* PROBLEM DESCRIPTION
Write every entry out again with no changes, and leave the images behind.

Stored dataset items

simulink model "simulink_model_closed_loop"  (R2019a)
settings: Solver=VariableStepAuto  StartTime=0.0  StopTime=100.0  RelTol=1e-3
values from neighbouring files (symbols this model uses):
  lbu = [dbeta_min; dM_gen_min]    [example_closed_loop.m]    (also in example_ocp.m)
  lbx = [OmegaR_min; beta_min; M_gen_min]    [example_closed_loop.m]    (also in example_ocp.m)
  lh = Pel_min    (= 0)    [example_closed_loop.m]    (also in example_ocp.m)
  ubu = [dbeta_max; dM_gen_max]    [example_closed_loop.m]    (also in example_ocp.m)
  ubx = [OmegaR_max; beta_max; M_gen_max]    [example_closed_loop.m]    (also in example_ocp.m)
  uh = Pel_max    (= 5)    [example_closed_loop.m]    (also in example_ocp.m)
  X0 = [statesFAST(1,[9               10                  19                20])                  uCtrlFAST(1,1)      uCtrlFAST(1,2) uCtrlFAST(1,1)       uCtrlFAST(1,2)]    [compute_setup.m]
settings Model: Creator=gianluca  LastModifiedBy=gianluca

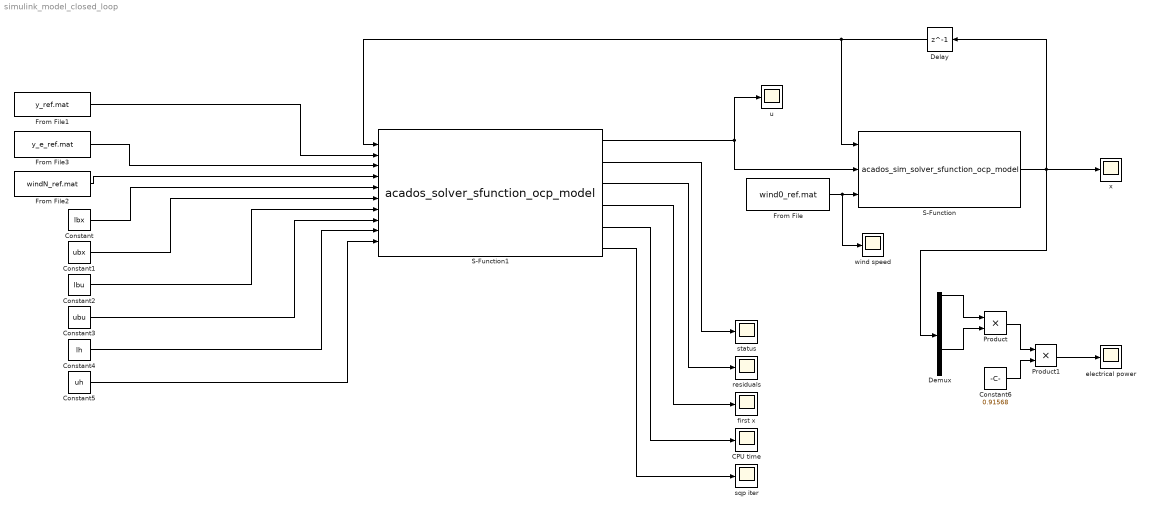
== system simulink_model_closed_loop ==
  CPU time : Scope
  Constant : Constant  Value=lbx
  Constant1 : Constant  Value=ubx
  Constant2 : Constant  Value=lbu
  Constant3 : Constant  Value=ubu
  Constant4 : Constant  Value=lh
  Constant5 : Constant  Value=uh
  Constant6 : Constant  Value=0.91568
  Delay : Delay  DelayLength=1  InitialCondition=X0
  Demux : Demux  Outputs=8
  From File : FromFile  FileName=wind0_ref.mat  SampleTime=0
  From File1 : FromFile  FileName=y_ref.mat  SampleTime=0
  From File2 : FromFile  FileName=windN_ref.mat  SampleTime=0
  From File3 : FromFile  FileName=y_e_ref.mat  SampleTime=0
  Product : Product
  Product1 : Product
  S-Function : S-Function  FunctionName=acados_sim_solver_sfunction_ocp_model  SFunctionDeploymentMode=off  EnableBusSupport=off
  S-Function1 : S-Function  FunctionName=acados_solver_sfunction_ocp_model  SFunctionDeploymentMode=off  EnableBusSupport=off
  electrical power : Scope
  first x : Scope
  residuals : Scope
  "sqp iter " : Scope
  status : Scope
  u : Scope
  wind speed : Scope
  x : Scope
  wires:
  Delay/1 -> S-Function1/1, S-Function/1
  S-Function/1 -> Delay/1, Demux/1, x/1
  Constant3/1 -> S-Function1/8
  Constant2/1 -> S-Function1/7
  Constant1/1 -> S-Function1/6
  Constant/1 -> S-Function1/5
  Constant4/1 -> S-Function1/9
  Constant5/1 -> S-Function1/10
  From File/1 -> wind speed/1, S-Function/3
  From File1/1 -> S-Function1/2
  From File2/1 -> S-Function1/4
  S-Function1/2 -> status/1
  From File3/1 -> S-Function1/3
  Demux/1 -> Product/1
  Demux/6 -> Product/2
  Product/1 -> Product1/1
  Constant6/1 -> Product1/2
  Product1/1 -> electrical power/1
  S-Function1/1 -> S-Function/2, u/1
  S-Function1/6 -> "sqp iter "/1
  S-Function1/5 -> CPU time/1
  S-Function1/4 -> first x/1
  S-Function1/3 -> residuals/1

* TASK RESPONSE
simulink model "simulink_model_closed_loop"  (R2019a)
settings: Solver=VariableStepAuto  StartTime=0.0  StopTime=100.0  RelTol=1e-3
values from neighbouring files (symbols this model uses):
  lbu = [dbeta_min; dM_gen_min]    [example_closed_loop.m]    (also in example_ocp.m)
  lbx = [OmegaR_min; beta_min; M_gen_min]    [example_closed_loop.m]    (also in example_ocp.m)
  lh = Pel_min    (= 0)    [example_closed_loop.m]    (also in example_ocp.m)
  ubu = [dbeta_max; dM_gen_max]    [example_closed_loop.m]    (also in example_ocp.m)
  ubx = [OmegaR_max; beta_max; M_gen_max]    [example_closed_loop.m]    (also in example_ocp.m)
  uh = Pel_max    (= 5)    [example_closed_loop.m]    (also in example_ocp.m)
  X0 = [statesFAST(1,[9               10                  19                20])                  uCtrlFAST(1,1)      uCtrlFAST(1,2) uCtrlFAST(1,1)       uCtrlFAST(1,2)]    [compute_setup.m]
settings Model: Creator=gianluca  LastModifiedBy=gianluca

== system simulink_model_closed_loop ==
  CPU time : Scope
  Constant : Constant  Value=lbx
  Constant1 : Constant  Value=ubx
  Constant2 : Constant  Value=lbu
  Constant3 : Constant  Value=ubu
  Constant4 : Constant  Value=lh
  Constant5 : Constant  Value=uh
  Constant6 : Constant  Value=0.91568
  Delay : Delay  DelayLength=1  InitialCondition=X0
  Demux : Demux  Outputs=8
  From File : FromFile  FileName=wind0_ref.mat  SampleTime=0
  From File1 : FromFile  FileName=y_ref.mat  SampleTime=0
  From File2 : FromFile  FileName=windN_ref.mat  SampleTime=0
  From File3 : FromFile  FileName=y_e_ref.mat  SampleTime=0
  Product : Product
  Product1 : Product
  S-Function : S-Function  FunctionName=acados_sim_solver_sfunction_ocp_model  SFunctionDeploymentMode=off  EnableBusSupport=off
  S-Function1 : S-Function  FunctionName=acados_solver_sfunction_ocp_model  SFunctionDeploymentMode=off  EnableBusSupport=off
  electrical power : Scope
  first x : Scope
  residuals : Scope
  "sqp iter " : Scope
  status : Scope
  u : Scope
  wind speed : Scope
  x : Scope
  wires:
  Delay/1 -> S-Function1/1, S-Function/1
  S-Function/1 -> Delay/1, Demux/1, x/1
  Constant3/1 -> S-Function1/8
  Constant2/1 -> S-Function1/7
  Constant1/1 -> S-Function1/6
  Constant/1 -> S-Function1/5
  Constant4/1 -> S-Function1/9
  Constant5/1 -> S-Function1/10
  From File/1 -> wind speed/1, S-Function/3
  From File1/1 -> S-Function1/2
  From File2/1 -> S-Function1/4
  S-Function1/2 -> status/1
  From File3/1 -> S-Function1/3
  Demux/1 -> Product/1
  Demux/6 -> Product/2
  Product/1 -> Product1/1
  Constant6/1 -> Product1/2
  Product1/1 -> electrical power/1
  S-Function1/1 -> S-Function/2, u/1
  S-Function1/6 -> "sqp iter "/1
  S-Function1/5 -> CPU time/1
  S-Function1/4 -> first x/1
  S-Function1/3 -> residuals/1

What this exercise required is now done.